[DATA FOR THE TASK]
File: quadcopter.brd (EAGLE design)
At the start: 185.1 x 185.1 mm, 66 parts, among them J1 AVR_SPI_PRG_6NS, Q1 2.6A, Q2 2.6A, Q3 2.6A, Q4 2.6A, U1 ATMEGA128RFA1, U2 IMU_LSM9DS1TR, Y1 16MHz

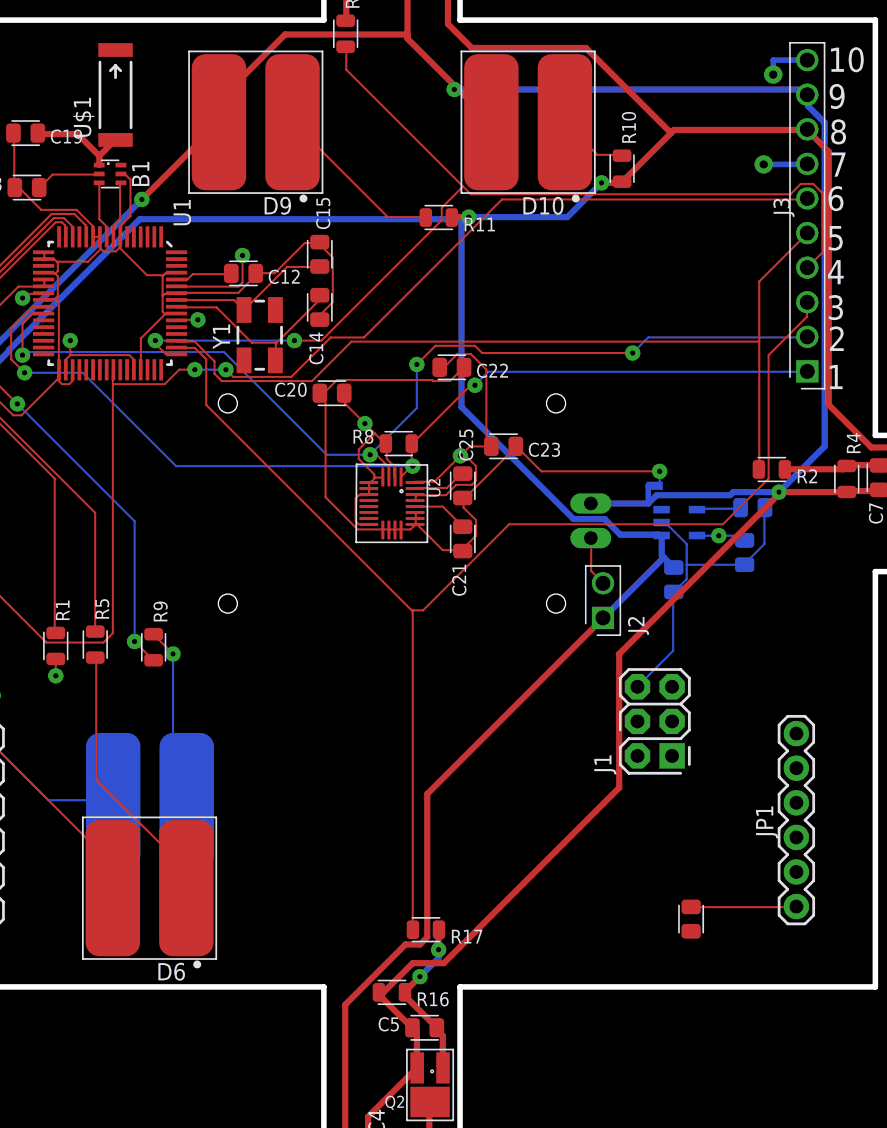
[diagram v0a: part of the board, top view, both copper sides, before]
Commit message: Fixed stop mask errors generated by autorouter
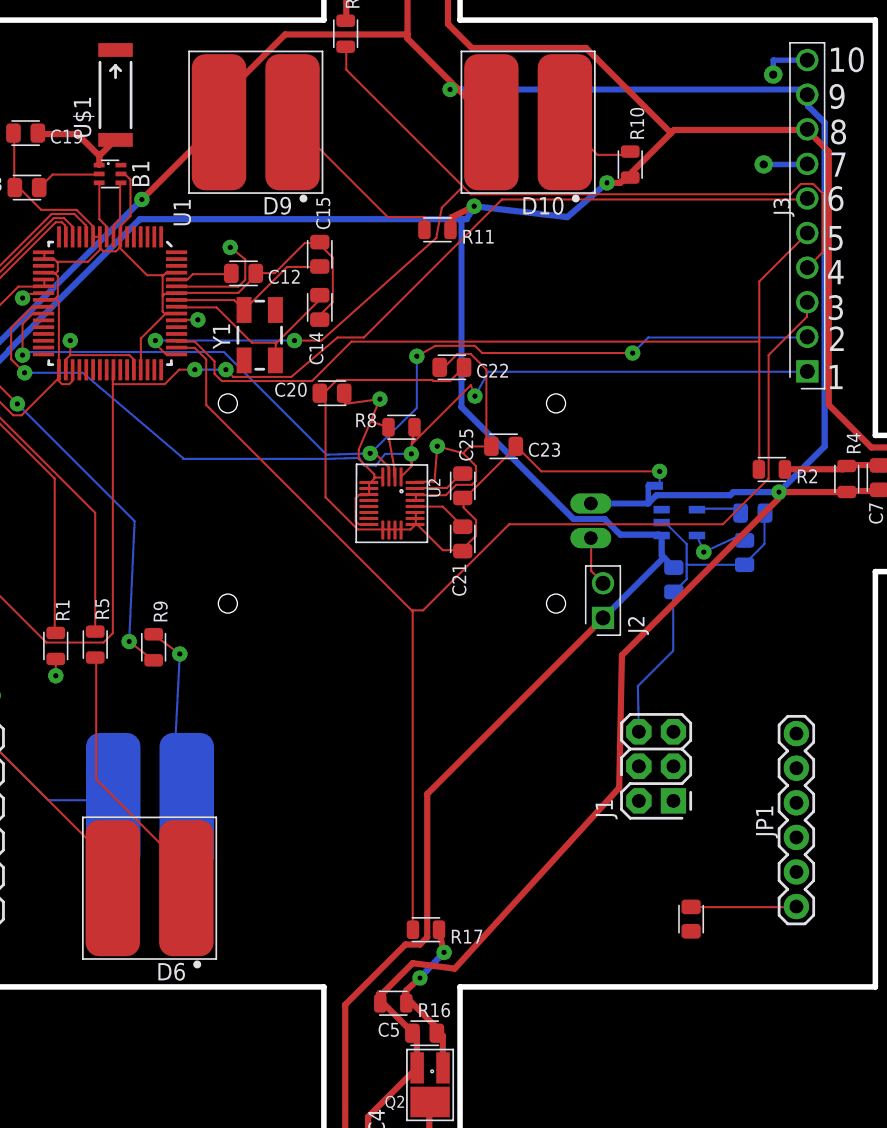
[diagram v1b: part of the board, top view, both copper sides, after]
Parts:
- moved J1 3.30 mm to (19.4, -19.3)
- moved R8 1.22 mm to (0.70, 5.60)
- moved R11 0.91 mm to (3.34, 20.1)
- moved R16 0.81 mm to (0.10, -36.7)
- moved R10 0.67 mm to (17.5, 24.9)
- moved C16 0.40 mm to (26.5, -0.70)
- moved C5 0.40 mm to (2.40, -38.9)
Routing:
- net 3V: track 69.1 -> 76.1 mm
- net SCL: track 72.2 -> 76.6 mm
- net GND: track 195.9 -> 199.6 mm
- net BAT_GND: track 255.6 -> 258.5 mm
- net VBAT: track 319.5 -> 322.3 mm
- net N$34: track 12.3 -> 14.3 mm
- net N$27: track 12.7 -> 13.6 mm
- net N$18: track 5.22 -> 5.84 mm

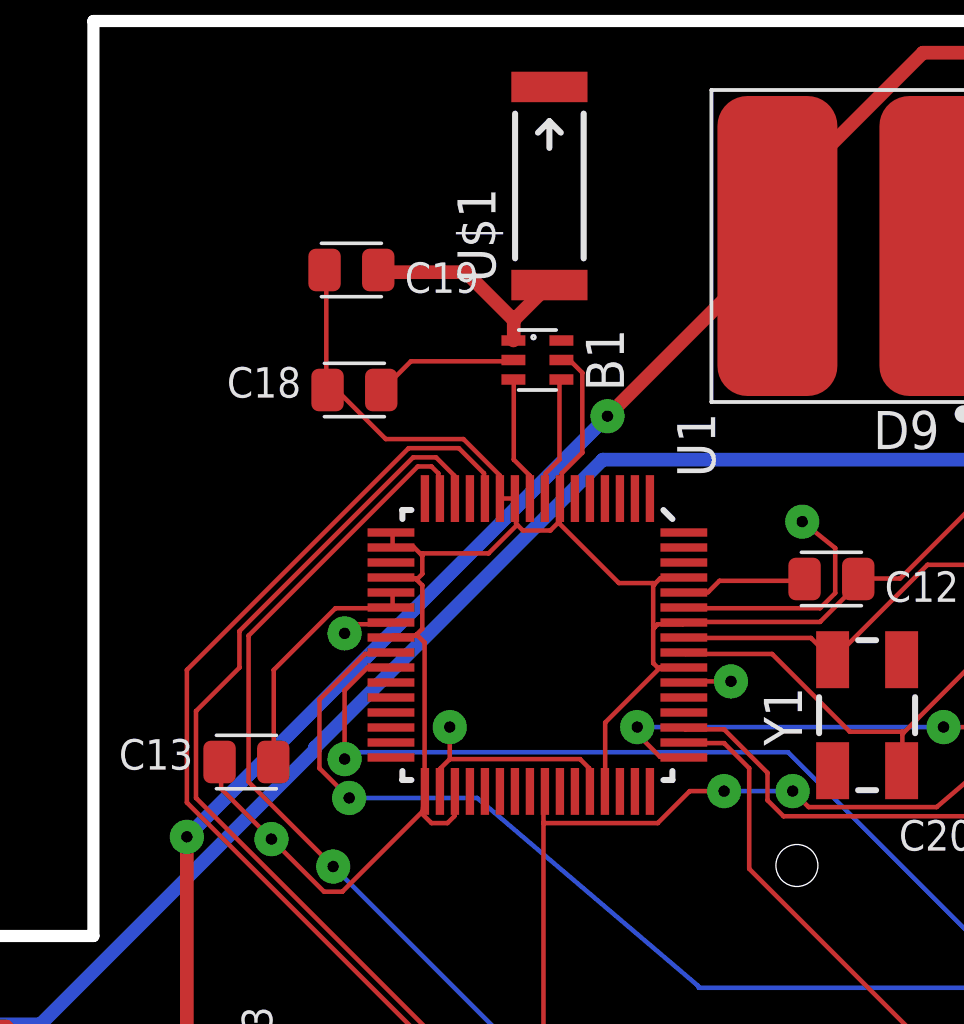
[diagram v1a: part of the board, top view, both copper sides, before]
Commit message: added faraday cage around antenna driver
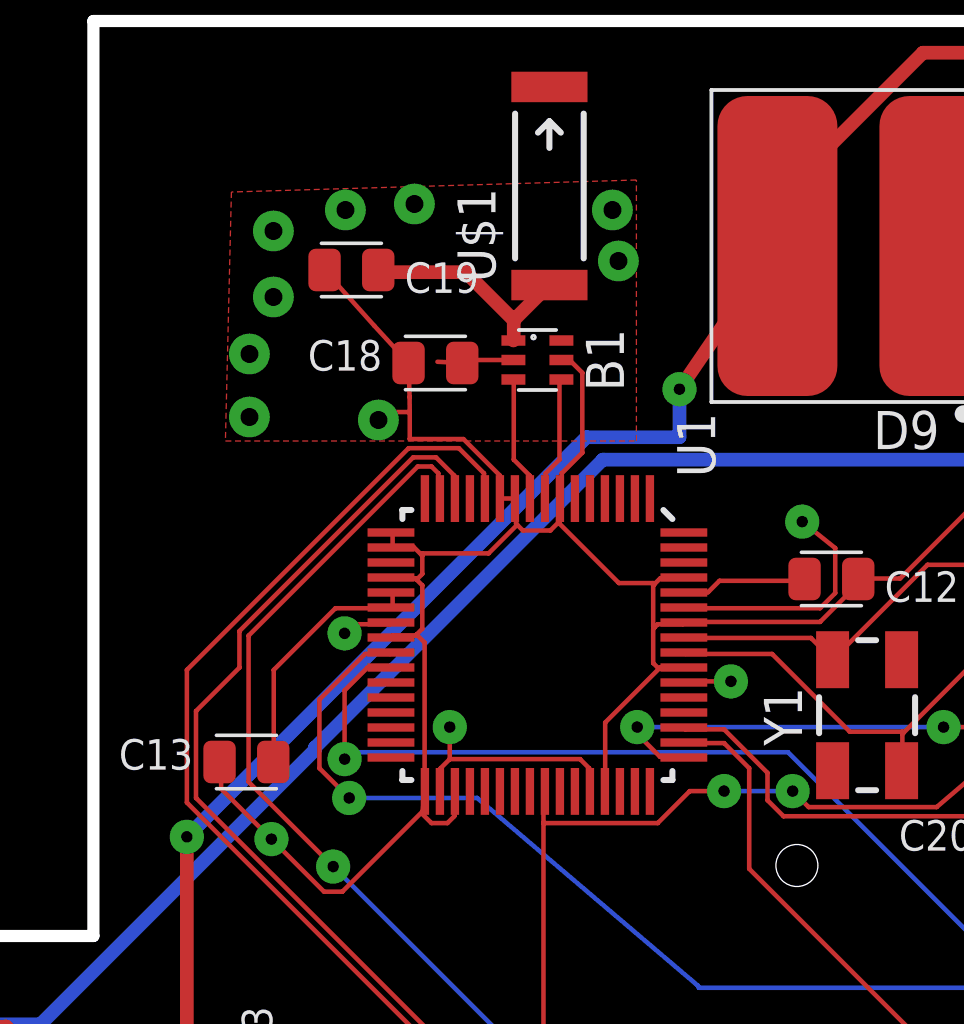
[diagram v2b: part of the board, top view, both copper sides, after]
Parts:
- moved C18 2.85 mm to (-24.1, 24.1)
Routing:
- net N$25: track 4.81 -> 2.63 mm
- net BAT_GND: track 258.5 -> 260.0 mm
- net GND: track 199.6 -> 200.1 mm, vias 4 -> 13
- added copper zone on layer 1, net N$35
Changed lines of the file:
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@@
 <text x="32" y="29" size="1.778" layer="21">9</text>
 <text x="32" y="31.7" size="1.778" layer="21">10</text>
-<polygon width="0.4064" layer="41">
-<vertex x="-34.8" y="33.1"/>
-<vertex x="-17.4" y="32.2"/>
-<vertex x="-17.4" y="28"/>
-<vertex x="-29.1" y="28.6"/>
-<vertex x="-29.1" y="21.5"/>
-<vertex x="-35" y="21.5"/>
-</polygon>
-<polygon width="0.4064" layer="42">
-<vertex x="-17.4" y="32.2"/>
-<vertex x="-17.4" y="28"/>
-<vertex x="-29.1" y="28.6"/>
-<vertex x="-29.1" y="21.4"/>
-<vertex x="-34.9" y="21.4"/>
-<vertex x="-34.8" y="33.1"/>
-</polygon>
-<polygon width="0.4064" layer="41">
-<vertex x="-18.1" y="32.5"/>
-<vertex x="-15.6" y="32.5"/>
-<vertex x="-15.6" y="35"/>
-<vertex x="-18.1" y="35"/>
-</polygon>
-<polygon width="0.4064" layer="41">
-<vertex x="-34.9" y="34.9"/>
-<vertex x="-22.6" y="34.9"/>
-<vertex x="-22.6" y="32.9"/>
-<vertex x="-34.9" y="32.9"/>
-</polygon>
-<polygon width="0.4064" layer="42">
-<vertex x="-18.1" y="35"/>
-<vertex x="-15.5" y="35"/>
-<vertex x="-15.5" y="32.5"/>
-<vertex x="-18.1" y="32.5"/>
-</polygon>
-<polygon width="0.4064" layer="42">
-<vertex x="-34.9" y="34.9"/>
-<vertex x="-22.6" y="34.9"/>
-<vertex x="-22.6" y="32.9"/>
-<vertex x="-34.9" y="32.9"/>
-</polygon>
 </plain>
 <attributes>
@@
 <attribute name="MPN" value="GRM2195C1H103FA01D" x="26.5" y="-0.7" size="1.778" layer="28" rot="MR180" display="off"/>
 </element>
-<element name="C18" library="quadparts_prebuilt" package="CAPC2012X140_HS" value="22pF" x="-26.8" y="23.2" rot="R180">
-<attribute name="DIST" value="Digikey" x="-26.8" y="23.2" size="1.778" layer="27" rot="R180" display="off"/>
-<attribute name="DISTPN" value="490-5534-1-ND" x="-26.8" y="23.2" size="1.778" layer="27" rot="R180" display="off"/>
-<attribute name="MFR" value="Murata Electronics North America" x="-26.8" y="23.2" size="1.778" layer="27" rot="R180" display="off"/>
-<attribute name="MPN" value="GRM21A5C2E220JW01D" x="-26.8" y="23.2" size="1.778" layer="27" rot="R180" display="off"/>
+<element name="C18" library="quadparts_prebuilt" package="CAPC2012X140_HS" value="22pF" x="-24.1" y="24.1" rot="R180">
+<attribute name="DIST" value="Digikey" x="-24.1" y="24.1" size="1.778" layer="27" rot="R180" display="off"/>
+<attribute name="DISTPN" value="490-5534-1-ND" x="-24.1" y="24.1" size="1.778" layer="27" rot="R180" display="off"/>
+<attribute name="MFR" value="Murata Electronics North America" x="-24.1" y="24.1" size="1.778" layer="27" rot="R180" display="off"/>
+<attribute name="MPN" value="GRM21A5C2E220JW01D" x="-24.1" y="24.1" size="1.778" layer="27" rot="R180" display="off"/>
 </element>
 <element name="C19" library="quadparts_prebuilt" package="CAPC2012X140_HS" value="0.75pF" x="-26.9" y="27.2">
@@
 <vertex x="7.5" y="70.6"/>
 <vertex x="-16.4" y="70.6"/>
-<vertex x="-16.9" y="20.8"/>
+<vertex x="-16.5" y="20.8"/>
 </polygon>
 <polygon width="0.4064" layer="2">
-<vertex x="-28.9" y="29.1"/>
-<vertex x="-17.7" y="29.1"/>
-<vertex x="-17.7" y="21.5"/>
-<vertex x="-28.9" y="21.5"/>
+<vertex x="-30.9" y="29.8"/>
+<vertex x="-17.4" y="30.1"/>
+<vertex x="-17.4" y="21.5"/>
+<vertex x="-31.1" y="21.5"/>
 </polygon>
 <wire x1="-31.242" y1="9.906" x2="-31.242" y2="10.7442" width="0.1524" layer="1"/>
@@
 <wire x1="-15.8496" y1="16.9164" x2="-15.819" y2="16.95" width="0.1524" layer="1"/>
 <wire x1="-16.8402" y1="15.3162" x2="-16.8021" y2="15.2781" width="0.1524" layer="1"/>
-<wire x1="-27.7368" y1="23.241" x2="-27.7368" y2="27.1272" width="0.1524" layer="1"/>
+<wire x1="-26.1368" y1="25.341" x2="-27.7368" y2="27.1272" width="0.1524" layer="1"/>
 <wire x1="-27.7368" y1="27.1272" x2="-27.795" y2="27.2" width="0.1524" layer="1"/>
-<wire x1="-27.7368" y1="23.241" x2="-27.695" y2="23.2" width="0.1524" layer="1"/>
+<wire x1="-26.1368" y1="25.341" x2="-24.995" y2="24.1" width="0.1524" layer="1"/>
 <wire x1="-25.527" y1="18.4404" x2="-25.527" y2="17.9832" width="0.1524" layer="1"/>
 <wire x1="-25.527" y1="17.9832" x2="-25.581" y2="17.95" width="0.1524" layer="1"/>
@@
 <wire x1="-21.3741" y1="18.7071" x2="-22.3266" y2="17.7546" width="0.1524" layer="1"/>
 <wire x1="-24.5364" y1="17.7546" x2="-24.5745" y2="17.7165" width="0.1524" layer="1"/>
-<wire x1="-27.3558" y1="23.1648" x2="-27.6606" y2="23.1648" width="0.1524" layer="1"/>
-<wire x1="-25.7556" y1="21.5646" x2="-27.3558" y2="23.1648" width="0.1524" layer="1"/>
-<wire x1="-23.1648" y1="21.5646" x2="-25.7556" y2="21.5646" width="0.1524" layer="1"/>
+<wire x1="-24.9606" y1="22.9648" x2="-24.9558" y2="22.4648" width="0.1524" layer="1"/>
+<wire x1="-24.9556" y1="21.5646" x2="-24.9558" y2="22.4648" width="0.1524" layer="1"/>
+<wire x1="-23.1648" y1="21.5646" x2="-24.9556" y2="21.5646" width="0.1524" layer="1"/>
 <wire x1="-21.9456" y1="20.3454" x2="-23.1648" y2="21.5646" width="0.1524" layer="1"/>
 <wire x1="-21.9456" y1="19.6596" x2="-21.9456" y2="20.3454" width="0.1524" layer="1"/>
-<wire x1="-27.6606" y1="23.1648" x2="-27.695" y2="23.2" width="0.1524" layer="1"/>
+<wire x1="-24.9606" y1="22.9648" x2="-24.995" y2="24.1" width="0.1524" layer="1"/>
 <wire x1="-21.9456" y1="19.6596" x2="-21.95" y2="19.581" width="0.1524" layer="1"/>
 <wire x1="-17.9832" y1="16.764" x2="-16.8402" y2="16.764" width="0.1524" layer="1"/>
@@
 <wire x1="-29.4" y1="-14.1" x2="-29.8" y2="-14" width="0.4064" layer="16"/>
 <wire x1="-29.8" y1="-14" x2="-29.8" y2="-17.2" width="0.4064" layer="16"/>
+<via x="-30.3" y="22.3" extent="1-16" drill="0.6"/>
+<via x="-30.3" y="24.4" extent="1-16" drill="0.6"/>
+<via x="-29.5" y="26.3" extent="1-16" drill="0.6"/>
+<via x="-26" y="22.2" extent="1-16" drill="0.6"/>
+<via x="-18" y="27.5" extent="1-16" drill="0.6"/>
+<via x="-18.2" y="29.2" extent="1-16" drill="0.6"/>
+<via x="-24.8" y="29.4" extent="1-16" drill="0.6"/>
+<via x="-27.1" y="29.2" extent="1-16" drill="0.6"/>
+<via x="-29.5" y="28.5" extent="1-16" drill="0.6"/>
+<wire x1="-24.9558" y1="22.4648" x2="-26" y2="22.4648" width="0.1524" layer="1"/>
+<wire x1="-26" y1="22.4648" x2="-26" y2="22.2" width="0.1524" layer="1"/>
 </signal>
 <signal name="N$2">
@@
 <wire x1="-37.1094" y1="0.6858" x2="-36.95" y2="0.55" width="0.4572" layer="1"/>
 <wire x1="-32.385" y1="8.3058" x2="-32.385" y2="0.1524" width="0.4572" layer="1"/>
-<wire x1="-18.3642" y1="22.3266" x2="-32.385" y2="8.3058" width="0.4572" layer="16"/>
-<wire x1="-12.7254" y1="27.9654" x2="-18.3642" y2="22.3266" width="0.4572" layer="1"/>
+<wire x1="-12.7254" y1="27.9654" x2="-15.9642" y2="23.2266" width="0.4572" layer="1"/>
 <wire x1="-12.7254" y1="27.9654" x2="-12.7" y2="28" width="0.4572" layer="1"/>
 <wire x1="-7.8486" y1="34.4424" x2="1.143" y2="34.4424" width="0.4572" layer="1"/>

[EXERCISE AIM]
Pull out each line of the listing that holds the string "DISTPN".

[EXPECTED ANSWER]
-<attribute name="DISTPN" value="490-5534-1-ND" x="-26.8" y="23.2" size="1.778" layer="27" rot="R180" display="off"/>
+<attribute name="DISTPN" value="490-5534-1-ND" x="-24.1" y="24.1" size="1.778" layer="27" rot="R180" display="off"/>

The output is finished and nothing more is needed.